Sürekli İyileştirme

Sürekli İyileştirme
İyileşme ve gelişim. İş ve özel hayatımızda bizim ve dokunabildiğimiz her şeyin gelişimi...

6 Ekim 2015 Salı

CENNET İŞ YERİ - CENNET YAŞAM ALANLARI

Takım olarak başarılı olabilmek ve mutlu bir çalışma ortamı yaratabilmek için çalışmalarımıza zayıf ve güçlü yanlarımızı öğrenerek başlayabiliriz. Hem bireysel olarak hem de ekip olarak eksiklerimizin neler olduğunu bilirsek birbirimize hangi noktalarda destek sağlayabileceğimizi biliriz. Ama bilmek yetmiyor, takım ruhunu hissederek o desteği birbirlerine sağlayacak ekipleri kurmak ve sinerjiyi ortaya çıkarabilmek de çok önemli.
Takım olmak sadece aynı departman içinde değil, tüm firmada tek bir takımdan bahsedebilmek ve nihai amacımızın ağacın en tepesindeki elmayı almak olduğunun farkında olmak. Elmaya ulaştığımızda da bunun işimizi, hayatımızı kolaylaştırdığını ve güzel-mutlu bir iş yeri oluşturduğumuzu fark ederiz.

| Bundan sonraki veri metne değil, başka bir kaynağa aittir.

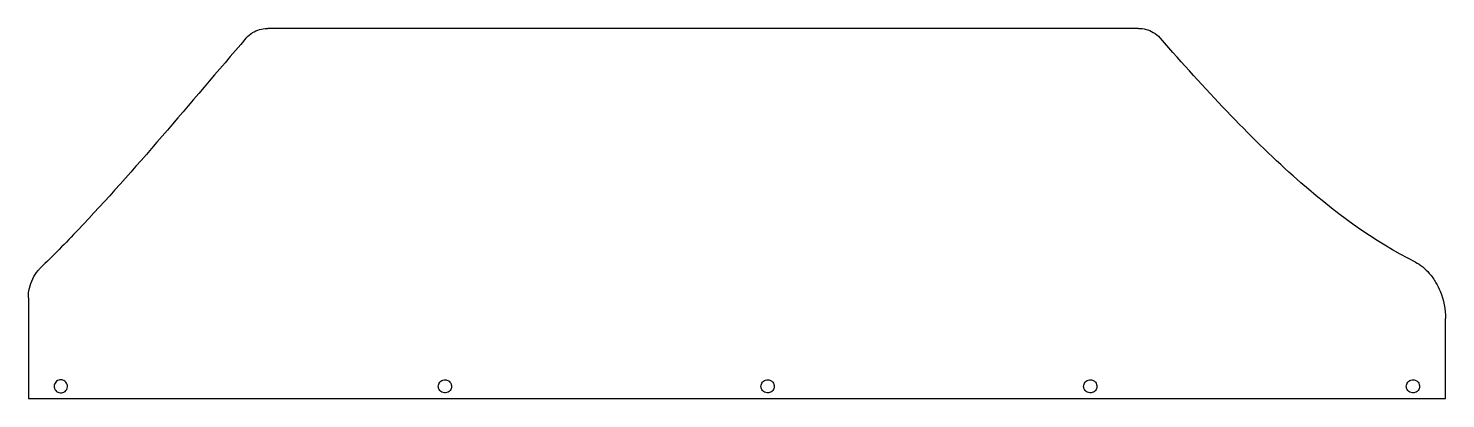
# Model space of a CAD drawing. Header units: millimetres. Extents: x -488 to -1, y 0 to 127.
import ezdxf

# ---------------------------------------------------------------- set-up
doc = ezdxf.new("R2010")
doc.units = ezdxf.units.MM
doc.layers.get('0').update_dxf_attribs({"linetype": 'CONTINUOUS'})

msp = doc.modelspace()

# ---------------------------------------------------------------- linework, layer by layer
for p, q in [((-106.53, 127), (-405.53, 127)), ((-487.75, 34.57), (-487.75, 0)), ((-1.06, 0), (-1.06, 27.52)), ((-487.75, 0), (-1.06, 0))]:
    msp.add_line(p, q)
for points, knots in [([(-413.02, 123.61), (-412.37, 124.37), (-411.62, 125.01), (-410.74, 125.55), (-409.26, 126.45), (-407.47, 126.95), (-405.79, 127), (-405.7, 127), (-405.61, 127), (-405.53, 127)], [3.5350636, 3.5350636, 3.5350636, 3.5350636, 3.8248679, 3.8248679, 3.8248679, 4.3157627, 4.3157627, 4.3157627, 4.3417349, 4.3417349, 4.3417349, 4.3417349]), ([(-106.53, 127), (-104.83, 127), (-102.99, 126.53), (-101.46, 125.63), (-100.58, 125.12), (-99.83, 124.51), (-99.17, 123.79), (-99.11, 123.74), (-99.06, 123.68), (-99, 123.61)], [1.4364146, 1.4364146, 1.4364146, 1.4364146, 1.9367617, 1.9367617, 1.9367617, 2.2208413, 2.2208413, 2.2208413, 2.2444014, 2.2444014, 2.2444014, 2.2444014]), ([(-413.02, 123.61), (-432.21, 101.33), (-451.41, 78.15), (-470.6, 57.95), (-474.95, 53.37), (-479.31, 48.94), (-483.67, 44.7)], [-1.708525, -1.708525, -1.708525, -1.708525, -1.1149019, -1.1149019, -1.1149019, -0.9801715, -0.9801715, -0.9801715, -0.9801715]), ([(-11.44, 46.81), (-25.44, 53.71), (-39.44, 63.88), (-53.43, 76.39), (-68.62, 89.97), (-83.81, 106.29), (-99, 123.61)], [0.4344118, 0.4344118, 0.4344118, 0.4344118, 0.867302, 0.867302, 0.867302, 1.337154, 1.337154, 1.337154, 1.337154]), ([(-487.75, 34.57), (-487.75, 36.71), (-487.25, 39.06), (-486.25, 41.1), (-485.74, 42.13), (-485.13, 43.07), (-484.42, 43.9), (-484.18, 44.17), (-483.93, 44.44), (-483.67, 44.7)], [6.583586, 6.583586, 6.583586, 6.583586, 7.224376, 7.224376, 7.224376, 7.547559, 7.547559, 7.547559, 7.653352, 7.653352, 7.653352, 7.653352]), ([(-11.44, 46.81), (-9.69, 45.94), (-8.04, 44.56), (-6.67, 42.97), (-5.79, 41.94), (-5.02, 40.83), (-4.39, 39.75), (-3.87, 38.84), (-3.38, 37.87), (-2.96, 36.84), (-1.73, 33.88), (-1.06, 30.52), (-1.06, 27.52)], [5.708673, 5.708673, 5.708673, 5.708673, 6.289398, 6.289398, 6.289398, 6.663715, 6.663715, 6.663715, 6.976874, 6.976874, 6.976874, 7.876246, 7.876246, 7.876246, 7.876246]), ([(-478.89, 4.21), (-478.89, 4.72), (-478.68, 5.27), (-478.34, 5.67), (-477.99, 6.08), (-477.46, 6.37), (-476.92, 6.44), (-476.46, 6.5), (-476, 6.43), (-475.58, 6.22), (-475.03, 5.95), (-474.61, 5.47), (-474.43, 4.89), (-474.24, 4.32), (-474.3, 3.71), (-474.58, 3.17), (-474.86, 2.64), (-475.34, 2.25), (-475.92, 2.07), (-476.5, 1.89), (-477.12, 1.94), (-477.66, 2.22), (-478.2, 2.49), (-478.6, 2.96), (-478.78, 3.53), (-478.85, 3.76), (-478.89, 3.99), (-478.89, 4.21)], [0, 0, 0, 0, 0.151395, 0.151395, 0.151395, 0.308754, 0.308754, 0.308754, 0.439389, 0.439389, 0.439389, 0.611414, 0.611414, 0.611414, 0.781343, 0.781343, 0.781343, 0.950666, 0.950666, 0.950666, 1.120286, 1.120286, 1.120286, 1.289734, 1.289734, 1.289734, 1.356126, 1.356126, 1.356126, 1.356126]), ([(-346.98, 4.21), (-346.98, 4.72), (-346.77, 5.27), (-346.43, 5.67), (-346.08, 6.08), (-345.55, 6.37), (-345.01, 6.44), (-344.55, 6.5), (-344.09, 6.43), (-343.67, 6.22), (-343.12, 5.95), (-342.7, 5.47), (-342.52, 4.89), (-342.45, 4.67), (-342.41, 4.44), (-342.41, 4.21)], [0, 0, 0, 0, 0.1513953, 0.1513953, 0.1513953, 0.3087542, 0.3087542, 0.3087542, 0.4393892, 0.4393892, 0.4393892, 0.6114143, 0.6114143, 0.6114143, 0.6780629, 0.6780629, 0.6780629, 0.6780629]), ([(-236.17, 4.21), (-236.17, 4.72), (-235.97, 5.27), (-235.63, 5.67), (-235.28, 6.08), (-234.75, 6.37), (-234.2, 6.44), (-233.75, 6.5), (-233.28, 6.43), (-232.86, 6.22), (-232.31, 5.95), (-231.9, 5.47), (-231.71, 4.89), (-231.64, 4.67), (-231.61, 4.44), (-231.61, 4.21)], [0, 0, 0, 0, 0.1513953, 0.1513953, 0.1513953, 0.3087542, 0.3087542, 0.3087542, 0.4393892, 0.4393892, 0.4393892, 0.6114143, 0.6114143, 0.6114143, 0.6780629, 0.6780629, 0.6780629, 0.6780629]), ([(-125.37, 4.21), (-125.37, 4.72), (-125.16, 5.27), (-124.82, 5.67), (-124.47, 6.08), (-123.94, 6.37), (-123.4, 6.44), (-122.94, 6.5), (-122.48, 6.43), (-122.06, 6.22), (-121.51, 5.95), (-121.09, 5.47), (-120.91, 4.89), (-120.83, 4.67), (-120.8, 4.44), (-120.8, 4.21)], [0, 0, 0, 0, 0.1513953, 0.1513953, 0.1513953, 0.3087542, 0.3087542, 0.3087542, 0.4393892, 0.4393892, 0.4393892, 0.6114143, 0.6114143, 0.6114143, 0.6780629, 0.6780629, 0.6780629, 0.6780629]), ([(-14.56, 4.21), (-14.56, 4.72), (-14.36, 5.27), (-14.02, 5.67), (-13.67, 6.08), (-13.14, 6.37), (-12.59, 6.44), (-12.14, 6.5), (-11.67, 6.43), (-11.25, 6.22), (-10.7, 5.95), (-10.29, 5.47), (-10.1, 4.89), (-10.03, 4.67), (-9.99, 4.44), (-9.99, 4.21)], [0, 0, 0, 0, 0.1513953, 0.1513953, 0.1513953, 0.3087542, 0.3087542, 0.3087542, 0.4393892, 0.4393892, 0.4393892, 0.6114143, 0.6114143, 0.6114143, 0.6780629, 0.6780629, 0.6780629, 0.6780629]), ([(-342.41, 4.21), (-342.41, 3.86), (-342.5, 3.5), (-342.67, 3.17), (-342.95, 2.64), (-343.43, 2.25), (-344.01, 2.07), (-344.58, 1.89), (-345.21, 1.94), (-345.75, 2.22), (-346.29, 2.49), (-346.69, 2.96), (-346.87, 3.53), (-346.94, 3.76), (-346.98, 3.99), (-346.98, 4.21)], [0.6780629, 0.6780629, 0.6780629, 0.6780629, 0.7813427, 0.7813427, 0.7813427, 0.9506661, 0.9506661, 0.9506661, 1.1202856, 1.1202856, 1.1202856, 1.2897345, 1.2897345, 1.2897345, 1.3561259, 1.3561259, 1.3561259, 1.3561259]), ([(-231.61, 4.21), (-231.61, 3.86), (-231.69, 3.5), (-231.86, 3.17), (-232.14, 2.64), (-232.62, 2.25), (-233.2, 2.07), (-233.78, 1.89), (-234.4, 1.94), (-234.94, 2.22), (-235.48, 2.49), (-235.88, 2.96), (-236.07, 3.53), (-236.14, 3.76), (-236.17, 3.99), (-236.17, 4.21)], [0.6780629, 0.6780629, 0.6780629, 0.6780629, 0.7813427, 0.7813427, 0.7813427, 0.9506661, 0.9506661, 0.9506661, 1.1202856, 1.1202856, 1.1202856, 1.2897345, 1.2897345, 1.2897345, 1.3561259, 1.3561259, 1.3561259, 1.3561259]), ([(-120.8, 4.21), (-120.8, 3.86), (-120.89, 3.5), (-121.06, 3.17), (-121.34, 2.64), (-121.82, 2.25), (-122.39, 2.07), (-122.97, 1.89), (-123.6, 1.94), (-124.14, 2.22), (-124.68, 2.49), (-125.08, 2.96), (-125.26, 3.53), (-125.33, 3.76), (-125.37, 3.99), (-125.37, 4.21)], [0.6780629, 0.6780629, 0.6780629, 0.6780629, 0.7813427, 0.7813427, 0.7813427, 0.9506661, 0.9506661, 0.9506661, 1.1202856, 1.1202856, 1.1202856, 1.2897345, 1.2897345, 1.2897345, 1.3561259, 1.3561259, 1.3561259, 1.3561259]), ([(-9.99, 4.21), (-9.99, 3.86), (-10.08, 3.5), (-10.25, 3.17), (-10.53, 2.64), (-11.01, 2.25), (-11.59, 2.07), (-12.17, 1.89), (-12.79, 1.94), (-13.33, 2.22), (-13.87, 2.49), (-14.27, 2.96), (-14.45, 3.53), (-14.53, 3.76), (-14.56, 3.99), (-14.56, 4.21)], [0.6780629, 0.6780629, 0.6780629, 0.6780629, 0.7813427, 0.7813427, 0.7813427, 0.9506661, 0.9506661, 0.9506661, 1.1202856, 1.1202856, 1.1202856, 1.2897345, 1.2897345, 1.2897345, 1.3561259, 1.3561259, 1.3561259, 1.3561259])]:
    msp.add_open_spline(points, degree=3, knots=knots)

doc.saveas('drawing.dxf')

Judith Liberman'dan bir masal geliyor aklıma; mutlu bir yaşam alanı, mutlu bir çalışma ortamı yaratmak, içinde bulunduğumuz ortamı CENNETE çevirmek için masal kahramanları neler yapmış:

Masal, her zaman yolunda giden bir adamla başlıyor. Adam her zamanki gibi kendi yolunda ilerlerken bir gün bir "yan yol" fark ediyor. "Allah Allah, hiç böyle yan yollar olmazdı" diyor. Bir bakıyor yan yola göz ucuyla. O ne güzellik!! Kendi yolu toz toprak içinde, diğer yol yemyeşil çim. Kendi yolunda hiç ağaç yok, diğer yol ağaçlar, çiçeklerle dolu. Hani kartpostallarda görürüz ya işte öylesine güzel bir yol.
Adamın kafası karışıyor, kendi yolu her zaman istediği yere varmasını sağlıyor ama yeni yol da çok cezbedici görünüyor. Onun böyle uzun zaman yolun başında takılıp kaldığını gören koruyucu meleği mecburen yeryüzüne iniyor ve adama soruyor: "Hayrola çok durdun burada? Kafan mı karışık?"
"Evet" diyor adam "iyi ki geldin, hangi yoldan gideceğime karar veremiyorum"
Melek soruyor "Hangi yoldan gideceğine karar vermene yardımcı olacak şey ne?"
Adam düşünüp "İkisinin de nereye ulaşacağını bilsem kolay karar veririm" diyor.
Melek "tamam o halde hadi gidelim" diyor.
Önce yan yolun sonuna gidiyorlar, bir bakıyorlar CEHENNEM!
Fakat gel gör ki bu cehennem bizim cehennemlere benzemiyor. Büyüüüükkkk bir sofra, üzerinde yok yok. Mis kokan ekmekler, çikolatalar, baklavalar, börekler. Ama masanın etrafındaki insanlar onca yemeğe rağmen aç ve ölmek üzere görünüyorlar. Adam bir bakıyor ki insanların önlerindeki yemekleri alıp ağızlarına götürecek DİRSEKLERİ yok! Evet dirsekleri yok!
Adam "bunu gördüm, bir de diğer yola bakalım diyor.
Diğer yolun sonuna gidiyorlar bir bakıyorlar CENNET!
Yan yolun sonundaki gibi yine büyüüüüük bir masa ve masanın üzerinde ne istersen var. Bu masanın etrafında da insanlar oturuyor. Bu insanların da DİRSEKLERİ yok, bu insanların da önünde kaşıklar var. Fakat bu insanlar tok ve mutlu görünüyorlar.
Nasıl olup da böyle mutlular diye düşünürken adam farkediyor ki bu insanlar kaşıkları birbirlerinin ağzına götürüyorlar, yanlarındaki kişileri besliyorlar.
Adam meleğe teşekkür edip yoluna devam ediyor.
Dirseksiz kolumun ucundaki lokmayı karşımdakine uzatıp bulunduğum ortamda mutluluğa yer açıyor muyum?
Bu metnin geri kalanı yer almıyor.